TO DO:
Only lines that contain the word "have" are to be returned from the data below.

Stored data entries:
*** Begin section ***

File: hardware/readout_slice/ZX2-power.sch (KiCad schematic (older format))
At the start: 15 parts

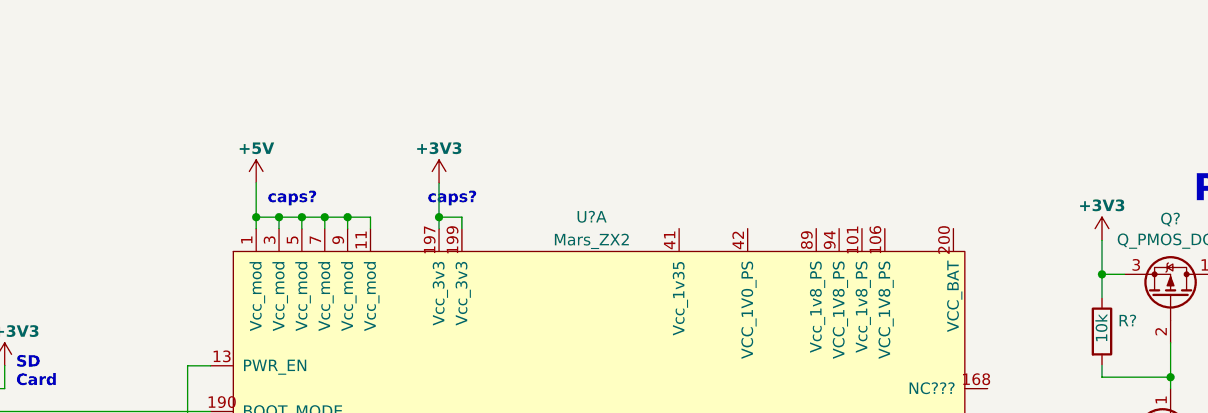
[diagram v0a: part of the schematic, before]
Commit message: more on readout_slice
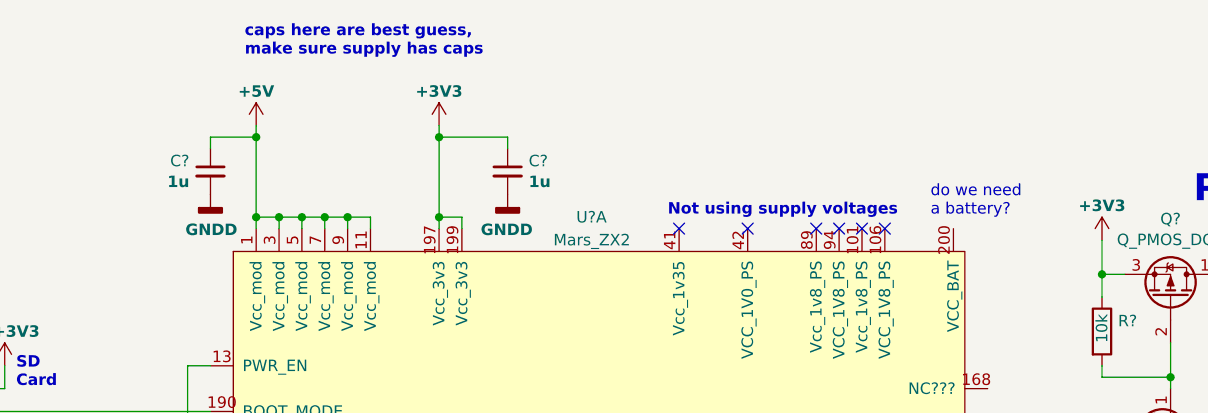
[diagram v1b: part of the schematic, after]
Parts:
- added C? (x2): 1u, symbol Device:C_Small
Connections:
- net +3V3: now also C?.1
- net +5V: now also C?.1
- net GNDD: now also C?.2, C?.2
- no-connect marks 0 -> 6
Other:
- note added: "Not using supply voltages"
- note added: "caps here are best guess,\nmake sure supply has caps"
- note added: "do we need\na battery?"
- note removed: "caps?"
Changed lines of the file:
@@
 $Descr A4 11693 8268
 encoding utf-8
-Sheet 7 10
+Sheet 5 10
 Title ""
 Date ""
@@
 Comment4 ""
 $EndDescr
-Text Notes 4350 2300 0    50   ~ 10
-caps?
-Wire Wire Line
-	4400 2350 4400 2200
+Wire Wire Line
+	4400 2350 4400 2000
 Connection ~ 4400 2350
 Wire Wire Line
@@
 	0    1    1    0
 $EndComp
-Text Notes 3650 2300 0    50   ~ 10
-caps?
 $Comp
 L power:+5V #PWR?
 U 1 1 60728782
-P 3600 2200
+P 3600 1950
 AR Path="/60728782" Ref="#PWR?"  Part="1"
 AR Path="/603D0C5A/60728782" Ref="#PWR?"  Part="1"
 AR Path="/6068976B/60728782" Ref="#PWR?"  Part="1"
 AR Path="/6086954E/608F2656/60728782" Ref="#PWR?"  Part="1"
-F 0 "#PWR?" H 3600 2050 50  0001 C CNN
-F 1 "+5V" H 3600 2350 50  0000 C CNB
-F 2 "" H 3600 2200 50  0001 C CNN
-F 3 "" H 3600 2200 50  0001 C CNN
-	1    3600 2200
+F 0 "#PWR?" H 3600 1800 50  0001 C CNN
+F 1 "+5V" H 3600 2100 50  0000 C CNB
+F 2 "" H 3600 1950 50  0001 C CNN
+F 3 "" H 3600 1950 50  0001 C CNN
+	1    3600 1950
 	1    0    0    -1
 $EndComp
@@
 L power:+3V3 #PWR?
 U 1 1 60728788
-P 4400 2200
+P 4400 1950
 AR Path="/60728788" Ref="#PWR?"  Part="1"
 AR Path="/603D0C5A/60728788" Ref="#PWR?"  Part="1"
 AR Path="/6068976B/60728788" Ref="#PWR?"  Part="1"
 AR Path="/6086954E/608F2656/60728788" Ref="#PWR?"  Part="1"
-F 0 "#PWR?" H 4400 2050 50  0001 C CNN
-F 1 "+3V3" H 4400 2350 50  0000 C CNB
-F 2 "" H 4400 2200 50  0001 C CNN
-F 3 "" H 4400 2200 50  0001 C CNN
-	1    4400 2200
+F 0 "#PWR?" H 4400 1800 50  0001 C CNN
+F 1 "+3V3" H 4400 2100 50  0000 C CNB
+F 2 "" H 4400 1950 50  0001 C CNN
+F 3 "" H 4400 1950 50  0001 C CNN
+	1    4400 1950
 	1    0    0    -1
 $EndComp
@@
 Wire Wire Line
 	3700 2400 3700 2350
-Wire Wire Line
-	3600 2350 3600 2200
 Connection ~ 3600 2350
 Wire Wire Line
@@
 Wire Notes Line width 39
 	4300 6300 4300 7850
+NoConn ~ 5450 2400
+NoConn ~ 5750 2400
+NoConn ~ 6050 2400
+NoConn ~ 6150 2400
+NoConn ~ 6250 2400
+NoConn ~ 6350 2400
+Text Notes 5400 2350 0    50   ~ 10
+Not using supply voltages
+Text Notes 6550 2350 0    50   ~ 0
+do we need\na battery?
+$Comp
+L Device:C_Small C?
+U 1 1 611B7B1F
+P 3400 2150
+F 0 "C?" H 3492 2196 50  0000 L CNN
+F 1 "1u" H 3492 2105 50  0000 L CNB
+F 2 "" H 3400 2150 50  0001 C CNN
+F 3 "~" H 3400 2150 50  0001 C CNN
+	1    3400 2150
+	-1   0    0    -1
+$EndComp
+Wire Wire Line
+	3600 2000 3400 2000
+Wire Wire Line
+	3400 2000 3400 2050
+$Comp
+L power:GNDD #PWR?
+U 1 1 611D8764
+P 3400 2250
+AR Path="/611D8764" Ref="#PWR?"  Part="1"
+AR Path="/603D0C5A/611D8764" Ref="#PWR?"  Part="1"
+AR Path="/6068976B/611D8764" Ref="#PWR?"  Part="1"
+AR Path="/6086954E/608F2656/611D8764" Ref="#PWR?"  Part="1"
+F 0 "#PWR?" H 3400 2000 50  0001 C CNN
+F 1 "GNDD" H 3404 2095 50  0000 C CNB
+F 2 "" H 3400 2250 50  0001 C CNN
+F 3 "" H 3400 2250 50  0001 C CNN
+	1    3400 2250
+	1    0    0    -1
+$EndComp
+Connection ~ 3600 2000
+Wire Wire Line
+	3600 2000 3600 1950
+Wire Wire Line
+	3600 2000 3600 2350
+$Comp
+L Device:C_Small C?
+U 1 1 611F286D
+P 4700 2150
+F 0 "C?" H 4792 2196 50  0000 L CNN
+F 1 "1u" H 4792 2105 50  0000 L CNB
+F 2 "" H 4700 2150 50  0001 C CNN
+F 3 "~" H 4700 2150 50  0001 C CNN
+	1    4700 2150
+	1    0    0    -1
+$EndComp
+Wire Wire Line
+	4700 2000 4700 2050
+$Comp
+L power:GNDD #PWR?
+U 1 1 611F2875
+P 4700 2250
+AR Path="/611F2875" Ref="#PWR?"  Part="1"
+AR Path="/603D0C5A/611F2875" Ref="#PWR?"  Part="1"
+AR Path="/6068976B/611F2875" Ref="#PWR?"  Part="1"
+AR Path="/6086954E/608F2656/611F2875" Ref="#PWR?"  Part="1"
+F 0 "#PWR?" H 4700 2000 50  0001 C CNN
+F 1 "GNDD" H 4704 2095 50  0000 C CNB
+F 2 "" H 4700 2250 50  0001 C CNN
+F 3 "" H 4700 2250 50  0001 C CNN
+	1    4700 2250
+	-1   0    0    -1
+$EndComp
+Wire Wire Line
+	4400 2000 4700 2000
+Connection ~ 4400 2000
+Wire Wire Line
+	4400 2000 4400 1950
+Text Notes 3550 1650 0    50   ~ 10
+caps here are best guess,\nmake sure supply has caps
 $EndSCHEMATC

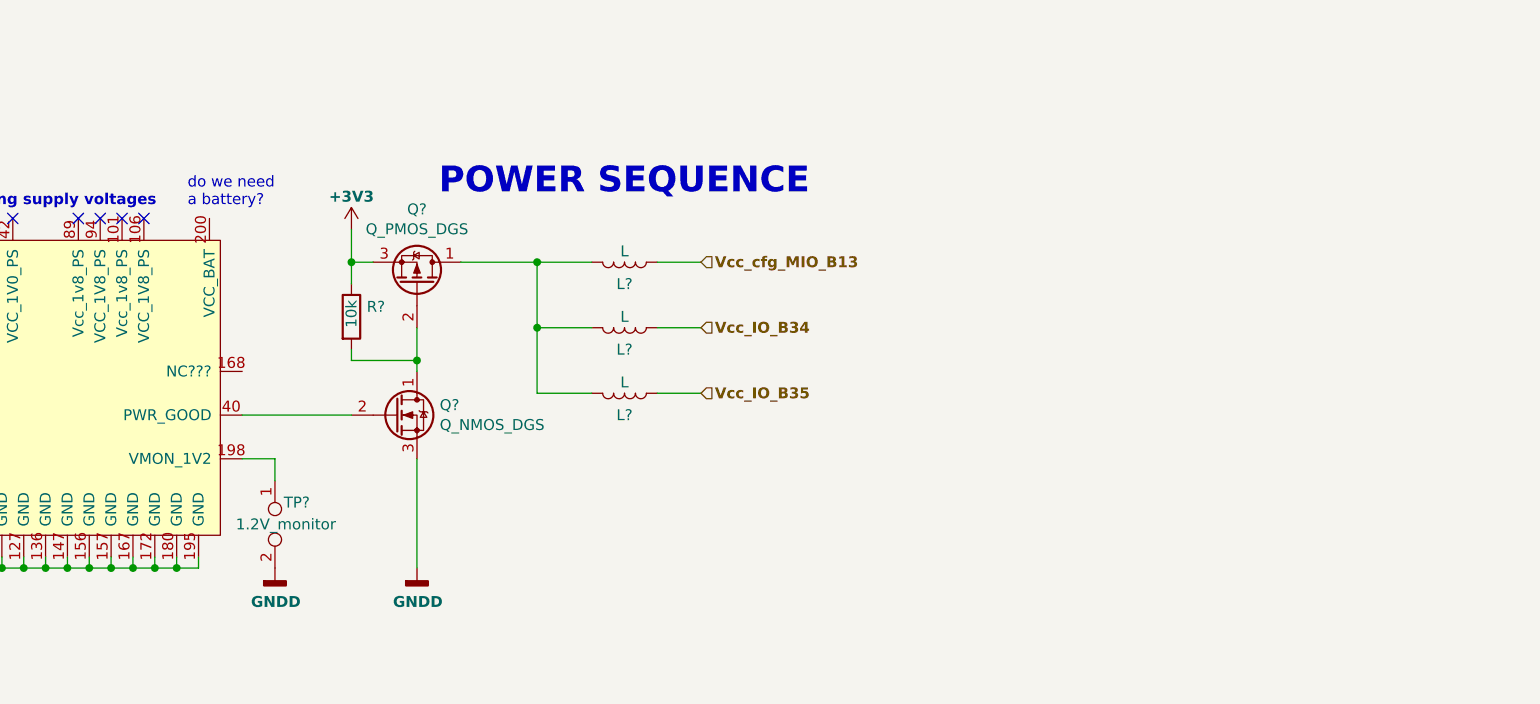
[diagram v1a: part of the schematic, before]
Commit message: added notes to schematics for readout_slice
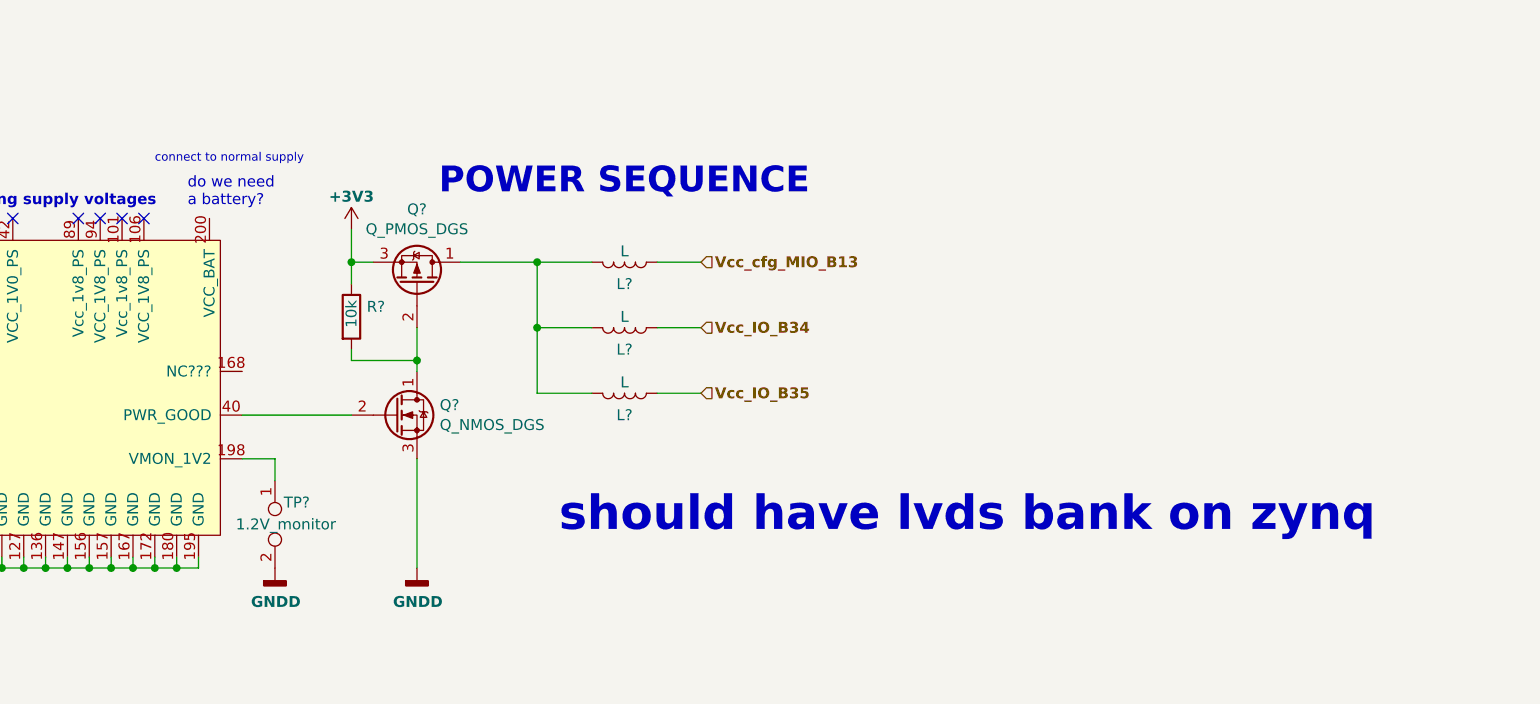
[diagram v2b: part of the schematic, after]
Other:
- note added: "connect to normal supply"
- note added: "should have lvds bank on zynq"
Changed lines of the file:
@@
 Text Notes 3550 1650 0    50   ~ 10
 caps here are best guess,\nmake sure supply has caps
+Text Notes 8250 3850 0    157  ~ 31
+should have lvds bank on zynq
+Text Notes 6400 2150 0    39   ~ 0
+connect to normal supply
 $EndSCHEMATC

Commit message: working on readout_slice
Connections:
- no-connect marks 6 -> 7
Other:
- note removed: "connect to normal supply"
- note removed: "do we need\na battery?"
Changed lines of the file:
@@
 $Descr A4 11693 8268
 encoding utf-8
-Sheet 5 10
+Sheet 14 16
 Title ""
 Date ""
@@
 	6950 3600 6950 3500
 $Comp
-L readout:Mars_ZX2 U?
-U 1 1 60728765
-P 5100 2500
-AR Path="/60728765" Ref="U?"  Part="1"
-AR Path="/603D0C5A/60728765" Ref="U?"  Part="1"
-AR Path="/6068976B/60728765" Ref="U?"  Part="1"
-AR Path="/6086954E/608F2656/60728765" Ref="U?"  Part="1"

*** End section ***

SOLUTION TO THIS TASK:
- note added: "should have lvds bank on zynq"
+should have lvds bank on zynq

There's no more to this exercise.